Each line in the entries below that holds the string "units" is to be listed.

===== INPUT DATA

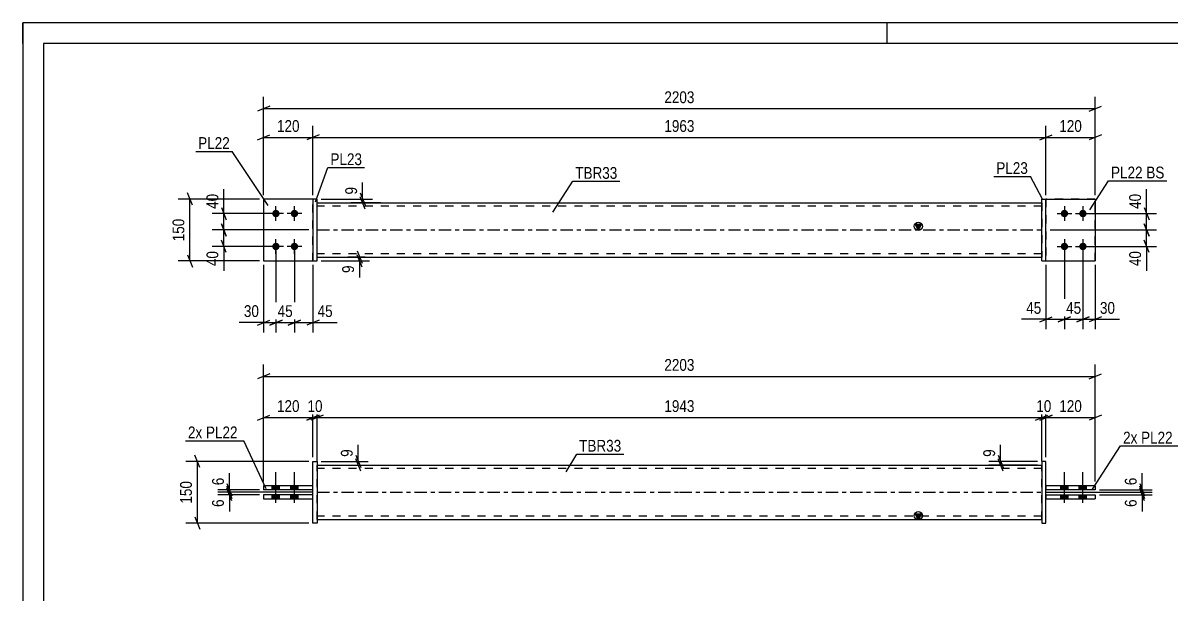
# Model space of a CAD drawing. Header units: millimetres. Extents: x 0 to 420, y 0 to 297.
# Drawn here: x 0 to 279, y 158.1 to 297 of the extents above; entities that cross this region are included whole.
import ezdxf

# ---------------------------------------------------------------- set-up
doc = ezdxf.new("R2010")
doc.units = ezdxf.units.MM
doc.linetypes.add('DXK_LINE_DOT2', pattern=[3.9198, 1.9599, -1.9599])
doc.linetypes.add('DXK_LINE_DOT3', pattern=[5.9187, 2.979, -0.9799, 0.9799, -0.9799])
doc.styles.add('Arial Narrow', font='ARIALN.TTF', dxfattribs={"height": 0.2})

# ---------------------------------------------------------------- blocks, each defined once
blk = doc.blocks.new('Unknown-489683922-1163')
at = {"color": 5, "linetype": 'Continuous'}
for p, q in [((420, 297), (0, 297)), ((0, 297), (0, 0)), ((0, 292), (0, 297)), ((210, 292), (210, 297)), ((415, 292), (5, 292)), ((5, 292), (5, 5))]:
    blk.add_line(p, q, dxfattribs=at)
blk = doc.blocks.new('Part-489683922-1448 - 1400')
at = {"color": 2, "linetype": 'Continuous'}
for p, q in [((70.47, 182.29), (58.47, 182.29)), ((58.47, 182.29), (58.47, 181.29)), ((70.47, 181.29), (70.47, 182.29)), ((58.47, 181.29), (70.47, 181.29))]:
    blk.add_line(p, q, dxfattribs=at)
blk = doc.blocks.new('Part-489683922-1456 - 1400')
at = {"color": 2, "linetype": 'Continuous'}
for p, q in [((260.57, 184.49), (248.57, 184.49)), ((248.57, 184.49), (248.57, 183.49)), ((260.57, 184.49), (260.57, 183.49)), ((260.57, 183.49), (248.57, 183.49))]:
    blk.add_line(p, q, dxfattribs=at)
blk = doc.blocks.new('Part-489683922-1476 - 1400')
at = {"linetype": 'Continuous'}
blk.add_hatch(color=2, dxfattribs=at).paths.add_polyline_path([(217.57, 176.29), (216.77, 177.69), (218.37, 177.69)])
at = {"color": 2, "linetype": 'Continuous'}
for p, q in [((71.47, 189.49), (159.47, 189.49)), ((159.57, 189.49), (247.57, 189.49)), ((71.47, 176.29), (159.47, 176.29)), ((159.57, 176.29), (247.57, 176.29)), ((217.57, 176.29), (216.77, 177.69)), ((216.77, 177.69), (218.37, 177.69)), ((218.37, 177.69), (217.57, 176.29))]:
    blk.add_line(p, q, dxfattribs=at)
at = {"color": 7, "linetype": 'DXK_LINE_DOT2'}
for p, q in [((71.47, 176.29), (71.47, 189.49)), ((159.47, 188.69), (71.47, 188.69)), ((247.57, 188.69), (159.57, 188.69)), ((247.57, 176.29), (247.57, 189.49)), ((159.47, 177.09), (71.47, 177.09)), ((247.57, 177.09), (159.57, 177.09))]:
    blk.add_line(p, q, dxfattribs=at)
at = {"color": 7, "linetype": 'DXK_LINE_DOT3'}
for p, q in [((71.47, 182.89), (159.47, 182.89)), ((159.57, 182.89), (247.57, 182.89))]:
    blk.add_line(p, q, dxfattribs=at)
at = {"color": 2, "linetype": 'Continuous'}
blk.add_circle((217.57, 177.19), 1, dxfattribs=at)
blk = doc.blocks.new('Bolt-489683922-1413 - 1400')
at = {"linetype": 'Continuous'}
for points in [[(60.57, 183.49), (62.37, 183.49), (62.37, 184.49), (60.57, 184.49)], [(60.57, 183.49), (62.37, 183.49), (62.37, 184.49), (60.57, 184.49)], [(65.07, 183.49), (66.87, 183.49), (66.87, 184.49), (65.07, 184.49)], [(65.07, 183.49), (66.87, 183.49), (66.87, 184.49), (65.07, 184.49)], [(60.57, 181.29), (62.37, 181.29), (62.37, 182.29), (60.57, 182.29)], [(60.57, 181.29), (62.37, 181.29), (62.37, 182.29), (60.57, 182.29)], [(65.07, 181.29), (66.87, 181.29), (66.87, 182.29), (65.07, 182.29)], [(65.07, 181.29), (66.87, 181.29), (66.87, 182.29), (65.07, 182.29)]]:
    blk.add_hatch(color=1, dxfattribs=at).paths.add_polyline_path(points)
at = {"color": 1, "linetype": 'Continuous'}
for p, q in [((61.47, 180.29), (61.47, 187.79)), ((61.47, 180.29), (61.47, 187.79)), ((65.97, 180.29), (65.97, 187.79)), ((65.97, 180.29), (65.97, 187.79)), ((60.57, 183.49), (60.57, 184.49)), ((60.57, 183.49), (60.57, 184.49)), ((62.37, 183.49), (62.37, 184.49)), ((62.37, 183.49), (62.37, 184.49)), ((65.07, 183.49), (65.07, 184.49)), ((65.07, 183.49), (65.07, 184.49)), ((66.87, 183.49), (66.87, 184.49)), ((66.87, 183.49), (66.87, 184.49)), ((60.57, 181.29), (60.57, 182.29)), ((60.57, 181.29), (60.57, 182.29)), ((62.37, 181.29), (62.37, 182.29)), ((62.37, 181.29), (62.37, 182.29)), ((65.07, 181.29), (65.07, 182.29)), ((65.07, 181.29), (65.07, 182.29)), ((66.87, 181.29), (66.87, 182.29)), ((66.87, 181.29), (66.87, 182.29))]:
    blk.add_line(p, q, dxfattribs=at)
blk = doc.blocks.new('Bolt-489683922-1414 - 1400')
at = {"linetype": 'Continuous'}
for points in [[(253.97, 184.49), (252.17, 184.49), (252.17, 183.49), (253.97, 183.49)], [(253.97, 184.49), (252.17, 184.49), (252.17, 183.49), (253.97, 183.49)], [(258.47, 184.49), (256.67, 184.49), (256.67, 183.49), (258.47, 183.49)], [(258.47, 184.49), (256.67, 184.49), (256.67, 183.49), (258.47, 183.49)], [(253.97, 182.29), (252.17, 182.29), (252.17, 181.29), (253.97, 181.29)], [(253.97, 182.29), (252.17, 182.29), (252.17, 181.29), (253.97, 181.29)], [(258.47, 182.29), (256.67, 182.29), (256.67, 181.29), (258.47, 181.29)], [(258.47, 182.29), (256.67, 182.29), (256.67, 181.29), (258.47, 181.29)]]:
    blk.add_hatch(color=1, dxfattribs=at).paths.add_polyline_path(points)
at = {"color": 1, "linetype": 'Continuous'}
for p, q in [((253.07, 180.29), (253.07, 187.79)), ((253.07, 180.29), (253.07, 187.79)), ((257.57, 180.29), (257.57, 187.79)), ((257.57, 180.29), (257.57, 187.79)), ((252.17, 183.49), (252.17, 184.49)), ((252.17, 183.49), (252.17, 184.49)), ((253.97, 183.49), (253.97, 184.49)), ((253.97, 183.49), (253.97, 184.49)), ((256.67, 183.49), (256.67, 184.49)), ((256.67, 183.49), (256.67, 184.49)), ((258.47, 183.49), (258.47, 184.49)), ((258.47, 183.49), (258.47, 184.49)), ((252.17, 181.29), (252.17, 182.29)), ((252.17, 181.29), (252.17, 182.29)), ((253.97, 181.29), (253.97, 182.29)), ((253.97, 181.29), (253.97, 182.29)), ((256.67, 181.29), (256.67, 182.29)), ((256.67, 181.29), (256.67, 182.29)), ((258.47, 181.29), (258.47, 182.29)), ((258.47, 181.29), (258.47, 182.29))]:
    blk.add_line(p, q, dxfattribs=at)
blk = doc.blocks.new('Part-489683922-1417 - 1400')
at = {"color": 2, "linetype": 'Continuous'}
for p, q in [((70.47, 175.39), (70.47, 190.39)), ((70.47, 190.39), (71.47, 190.39)), ((71.47, 190.39), (71.47, 175.39)), ((71.47, 175.39), (70.47, 175.39))]:
    blk.add_line(p, q, dxfattribs=at)
blk = doc.blocks.new('Part-489683922-1451 - 1400')
at = {"color": 2, "linetype": 'Continuous'}
for p, q in [((248.57, 190.39), (247.57, 190.39)), ((247.57, 190.39), (247.57, 175.39)), ((248.57, 175.39), (248.57, 190.39)), ((247.57, 175.39), (248.57, 175.39))]:
    blk.add_line(p, q, dxfattribs=at)
blk = doc.blocks.new('Part-489683922-1443 - 1400')
at = {"color": 2, "linetype": 'Continuous'}
for p, q in [((70.47, 184.49), (58.47, 184.49)), ((58.47, 184.49), (58.47, 183.49)), ((70.47, 183.49), (70.47, 184.49)), ((70.47, 183.49), (58.47, 183.49))]:
    blk.add_line(p, q, dxfattribs=at)
blk = doc.blocks.new('Part-489683922-1461 - 1400')
at = {"color": 2, "linetype": 'Continuous'}
for p, q in [((248.57, 182.29), (248.57, 181.29)), ((248.57, 182.29), (260.57, 182.29)), ((260.57, 182.29), (260.57, 181.29)), ((248.57, 181.29), (260.57, 181.29))]:
    blk.add_line(p, q, dxfattribs=at)
blk = doc.blocks.new('Part-489683922-1706 - 1681')
at = {"color": 2, "linetype": 'Continuous'}
for p, q in [((70.47, 254.16), (58.47, 254.16)), ((58.47, 254.16), (58.47, 239.16)), ((58.47, 239.16), (70.47, 239.16))]:
    blk.add_line(p, q, dxfattribs=at)
at = {"color": 7, "linetype": 'DXK_LINE_DOT2'}
blk.add_line((70.47, 239.16), (70.47, 254.16), dxfattribs=at)
blk = doc.blocks.new('Part-489683922-1747 - 1681')
at = {"linetype": 'Continuous'}
blk.add_hatch(color=2, dxfattribs=at).paths.add_polyline_path([(217.57, 246.66), (216.77, 248.06), (218.37, 248.06)])
at = {"color": 2, "linetype": 'Continuous'}
for p, q in [((71.47, 253.26), (159.47, 253.26)), ((159.57, 253.26), (247.57, 253.26)), ((217.57, 246.66), (216.77, 248.06)), ((216.77, 248.06), (218.37, 248.06)), ((218.37, 248.06), (217.57, 246.66)), ((71.47, 240.06), (159.47, 240.06)), ((159.57, 240.06), (247.57, 240.06))]:
    blk.add_line(p, q, dxfattribs=at)
at = {"color": 7, "linetype": 'DXK_LINE_DOT2'}
for p, q in [((71.47, 240.06), (71.47, 253.26)), ((159.47, 252.46), (71.47, 252.46)), ((247.57, 252.46), (159.57, 252.46)), ((247.57, 253.26), (247.57, 240.06)), ((159.47, 240.86), (71.47, 240.86)), ((247.57, 240.86), (159.57, 240.86))]:
    blk.add_line(p, q, dxfattribs=at)
at = {"color": 7, "linetype": 'DXK_LINE_DOT3'}
for p, q in [((71.47, 246.66), (159.47, 246.66)), ((159.57, 246.66), (247.57, 246.66))]:
    blk.add_line(p, q, dxfattribs=at)
at = {"color": 2, "linetype": 'Continuous'}
blk.add_circle((217.57, 247.56), 1, dxfattribs=at)
blk = doc.blocks.new('Part-489683922-1701 - 1681')
at = {"color": 2, "linetype": 'Continuous'}
for p, q in [((71.47, 254.16), (70.47, 254.16)), ((70.47, 254.16), (70.47, 239.16)), ((71.47, 239.16), (71.47, 254.16)), ((70.47, 239.16), (71.47, 239.16))]:
    blk.add_line(p, q, dxfattribs=at)
blk = doc.blocks.new('Bolt-489683922-1685 - 1681')
at = {"linetype": 'Continuous'}
for points in [[(61.47, 249.76, -1), (61.47, 251.56, -1)], [(65.97, 249.76, -1), (65.97, 251.56, -1)], [(61.47, 241.76, -1), (61.47, 243.56, -1)], [(65.97, 241.76, -1), (65.97, 243.56, -1)]]:
    blk.add_hatch(color=1, dxfattribs=at).paths.add_polyline_path(points)
at = {"color": 1, "linetype": 'Continuous'}
for p, q in [((61.47, 248.86), (61.47, 252.46)), ((65.97, 248.86), (65.97, 252.46)), ((63.27, 250.66), (59.67, 250.66)), ((67.77, 250.66), (64.17, 250.66)), ((61.47, 240.86), (61.47, 244.46)), ((65.97, 240.86), (65.97, 244.46)), ((63.27, 242.66), (59.67, 242.66)), ((67.77, 242.66), (64.17, 242.66))]:
    blk.add_line(p, q, dxfattribs=at)
blk = doc.blocks.new('Bolt-489683922-1686 - 1681')
at = {"linetype": 'Continuous'}
for points in [[(253.07, 251.56, -1), (253.07, 249.76, -1)], [(257.57, 251.56, -1), (257.57, 249.76, -1)], [(253.07, 243.56, -1), (253.07, 241.76, -1)], [(257.57, 243.56, -1), (257.57, 241.76, -1)]]:
    blk.add_hatch(color=1, dxfattribs=at).paths.add_polyline_path(points)
at = {"color": 1, "linetype": 'Continuous'}
for p, q in [((253.07, 252.46), (253.07, 248.86)), ((257.57, 252.46), (257.57, 248.86)), ((251.27, 250.66), (254.87, 250.66)), ((255.77, 250.66), (259.37, 250.66)), ((253.07, 244.46), (253.07, 240.86)), ((257.57, 244.46), (257.57, 240.86)), ((251.27, 242.66), (254.87, 242.66)), ((255.77, 242.66), (259.37, 242.66))]:
    blk.add_line(p, q, dxfattribs=at)
blk = doc.blocks.new('Part-489683922-1707 - 1681')
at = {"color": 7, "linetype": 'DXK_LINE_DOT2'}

==========

**THE COMPLETED TASK**
# Model space of a CAD drawing. Header units: millimetres. Extents: x 0 to 420, y 0 to 297.
doc.units = ezdxf.units.MM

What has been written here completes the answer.